It usually starts with a very innocent sentence.
"Let's just change the colour of the button."
Or:
"Let's add one more filter. It's a couple of hours of work, tops."
If you work in tech, you've heard this dozens of times. And sometimes it really is that small. But far more often, that sentence is the entry door to a tiny project that quietly takes on a life of its own.
Not because the engineers are slow. Not because the process is broken. But because building product almost never equals writing code.
Example 1. "Just change the button colour"
At first glance, the task looks like this: open the file → change the colour → check → ship.
Expected cost: ~$120. Sounds reasonable. Now let's zoom out.
What actually happens:
- someone phrases the task;
- someone clarifies why we're changing it at all;
- the designer checks contrast and accessibility;
- the PM verifies it doesn't break a scenario;
- the developer makes the change;
- QA checks several devices;
- someone signs off the release;
- after release, someone makes sure everything still works.
And suddenly it's not one person anymore. It's a team.
| Activity | Hours |
|---|---|
| Discussion & alignment | 2 |
| Product | 2 |
| UX/UI | 1 |
| Development | 3 |
| QA | 2 |
| Release & coordination | 2 |
| Stakeholder reviews | 2.5 |
| Total | ~14.5 |
Average loaded team cost: ~$1,400. For a button. Yes, sometimes it's cheaper. But almost never as cheap as it looks at the start.
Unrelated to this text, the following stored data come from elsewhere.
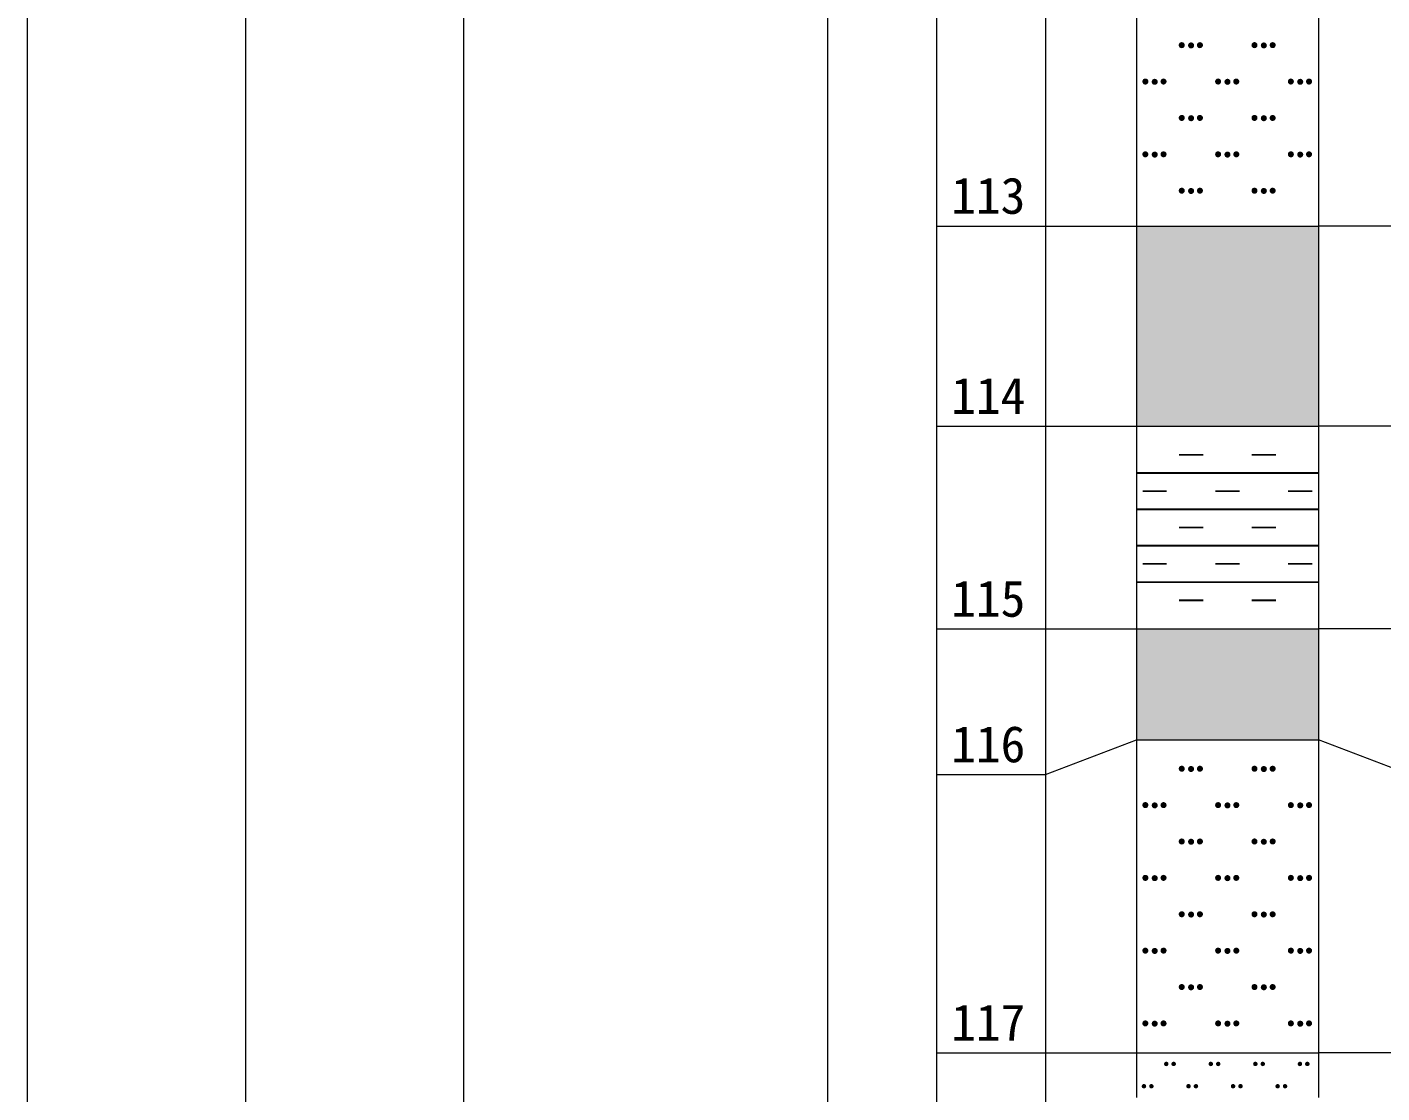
# Model space of a CAD drawing. Header units: inches. Extents: x -27 to 109, y -724 to 26.
# Drawn here: x 5.88 to 20.78, y -627.2 to -615.49 of the extents above; entities that cross this region are included whole.
import ezdxf

# ---------------------------------------------------------------- set-up
doc = ezdxf.new("R2010")
doc.units = ezdxf.units.IN
doc.header["$MEASUREMENT"] = 0
doc.layers.get('0').update_dxf_attribs({"lineweight": 0})
doc.styles.add('宋体', font='')
doc.styles.get('宋体').set_extended_font_data('宋体')

# ---------------------------------------------------------------- blocks, each defined once
blk = doc.blocks.new('lr_block_98')
at = {"true_color": 0x000000}
for points in [[(18.611, -615.694), (18.612, -615.686), (18.611, -615.677), (18.608, -615.669), (18.602, -615.662), (18.596, -615.657), (18.588, -615.654), (18.579, -615.652), (18.57, -615.654), (18.562, -615.657), (18.555, -615.662), (18.55, -615.669), (18.547, -615.677), (18.546, -615.686), (18.547, -615.694), (18.55, -615.702), (18.555, -615.709), (18.562, -615.715), (18.57, -615.718), (18.579, -615.719), (18.588, -615.718), (18.596, -615.715), (18.602, -615.709), (18.608, -615.702)], [(18.714, -615.697), (18.715, -615.689), (18.714, -615.68), (18.711, -615.672), (18.705, -615.665), (18.698, -615.66), (18.69, -615.657), (18.682, -615.655), (18.673, -615.657), (18.665, -615.66), (18.658, -615.665), (18.653, -615.672), (18.65, -615.68), (18.648, -615.689), (18.65, -615.697), (18.653, -615.705), (18.658, -615.712), (18.665, -615.718), (18.673, -615.721), (18.682, -615.722), (18.69, -615.721), (18.698, -615.718), (18.705, -615.712), (18.711, -615.705)], [(18.811, -615.694), (18.812, -615.686), (18.811, -615.677), (18.808, -615.669), (18.802, -615.662), (18.795, -615.657), (18.787, -615.654), (18.779, -615.652), (18.77, -615.654), (18.762, -615.657), (18.755, -615.662), (18.75, -615.669), (18.747, -615.677), (18.745, -615.686), (18.747, -615.694), (18.75, -615.702), (18.755, -615.709), (18.762, -615.715), (18.77, -615.718), (18.779, -615.719), (18.787, -615.718), (18.795, -615.715), (18.802, -615.709), (18.808, -615.702)], [(19.411, -615.694), (19.412, -615.686), (19.411, -615.677), (19.408, -615.669), (19.402, -615.662), (19.396, -615.657), (19.388, -615.654), (19.379, -615.652), (19.37, -615.654), (19.362, -615.657), (19.355, -615.662), (19.35, -615.669), (19.347, -615.677), (19.346, -615.686), (19.347, -615.694), (19.35, -615.702), (19.355, -615.709), (19.362, -615.715), (19.37, -615.718), (19.379, -615.719), (19.388, -615.718), (19.396, -615.715), (19.402, -615.709), (19.408, -615.702)], [(19.514, -615.697), (19.515, -615.689), (19.514, -615.68), (19.511, -615.672), (19.505, -615.665), (19.498, -615.66), (19.49, -615.657), (19.482, -615.655), (19.473, -615.657), (19.465, -615.66), (19.458, -615.665), (19.453, -615.672), (19.45, -615.68), (19.448, -615.689), (19.45, -615.697), (19.453, -615.705), (19.458, -615.712), (19.465, -615.718), (19.473, -615.721), (19.482, -615.722), (19.49, -615.721), (19.498, -615.718), (19.505, -615.712), (19.511, -615.705)], [(19.611, -615.694), (19.612, -615.686), (19.611, -615.677), (19.608, -615.669), (19.602, -615.662), (19.595, -615.657), (19.587, -615.654), (19.579, -615.652), (19.57, -615.654), (19.562, -615.657), (19.555, -615.662), (19.55, -615.669), (19.547, -615.677), (19.545, -615.686), (19.547, -615.694), (19.55, -615.702), (19.555, -615.709), (19.562, -615.715), (19.57, -615.718), (19.579, -615.719), (19.587, -615.718), (19.595, -615.715), (19.602, -615.709), (19.608, -615.702)], [(18.211, -616.094), (18.212, -616.086), (18.211, -616.077), (18.208, -616.069), (18.202, -616.062), (18.196, -616.057), (18.188, -616.054), (18.179, -616.052), (18.17, -616.054), (18.162, -616.057), (18.155, -616.062), (18.15, -616.069), (18.147, -616.077), (18.146, -616.086), (18.147, -616.094), (18.15, -616.102), (18.155, -616.109), (18.162, -616.115), (18.17, -616.118), (18.179, -616.119), (18.188, -616.118), (18.196, -616.115), (18.202, -616.109), (18.208, -616.102)], [(18.314, -616.097), (18.315, -616.089), (18.314, -616.08), (18.311, -616.072), (18.305, -616.065), (18.298, -616.06), (18.29, -616.057), (18.282, -616.055), (18.273, -616.057), (18.265, -616.06), (18.258, -616.065), (18.253, -616.072), (18.25, -616.08), (18.248, -616.089), (18.25, -616.097), (18.253, -616.105), (18.258, -616.112), (18.265, -616.118), (18.273, -616.121), (18.282, -616.122), (18.29, -616.121), (18.298, -616.118), (18.305, -616.112), (18.311, -616.105)], [(18.411, -616.094), (18.412, -616.086), (18.411, -616.077), (18.408, -616.069), (18.402, -616.062), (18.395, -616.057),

Example 2. "Just add a filter"
This is where it gets interesting. Because a filter is rarely just a filter. Questions start showing up:
- which fields can be filtered?
- what happens when there are no results?
- do we remember the user's selection?
- do we need analytics on it?
- is the mobile version the same?
- does it affect performance?
- do users actually need it?
A couple of days later, the discussion has taken longer than the implementation.
| Activity | Hours |
|---|---|
| Discovery | 3 |
| Product | 4 |
| UX/UI | 3 |
| Development | 12 |
| QA | 5 |
| Release | 2 |
| Reviews & meetings | 6 |
| Total | ~35 |
Cost: ~$2,800. And it no longer looks like a couple of hours of work.
The most expensive part of a feature is rarely called "development"
Here's an interesting pattern. The more experienced a team becomes, the less time it spends writing code - and the more time it spends making decisions. Because almost anything can be written. What's harder is deciding:
- what to do;
- why to do it;
- how to measure the outcome;
- what NOT to do.
Sometimes a single cancelled feature saves more money than ten successfully shipped ones.
Where companies actually lose money
Not in development. Usually here:
- constant changes of decisions;
- no clear owner;
- too many approvers;
- launching without a clear goal;
- endless "just one more thing";
- unfinished initiatives.
An unfinished feature almost never creates value. But it almost always creates cost.
What you can try tomorrow
Before the next task, try asking three questions:
- What exactly are we trying to change?
- How will we know it actually got better?
- What happens if we don't do it at all?
Sometimes the best way to save budget isn't to speed up the team. It's to remove half of the tasks.
The takeaway
Most features cost more than they look. Not because people work badly. But because product isn't built by code. It's built by decisions. And often the fastest way to move faster is to do fewer things - and actually finish them.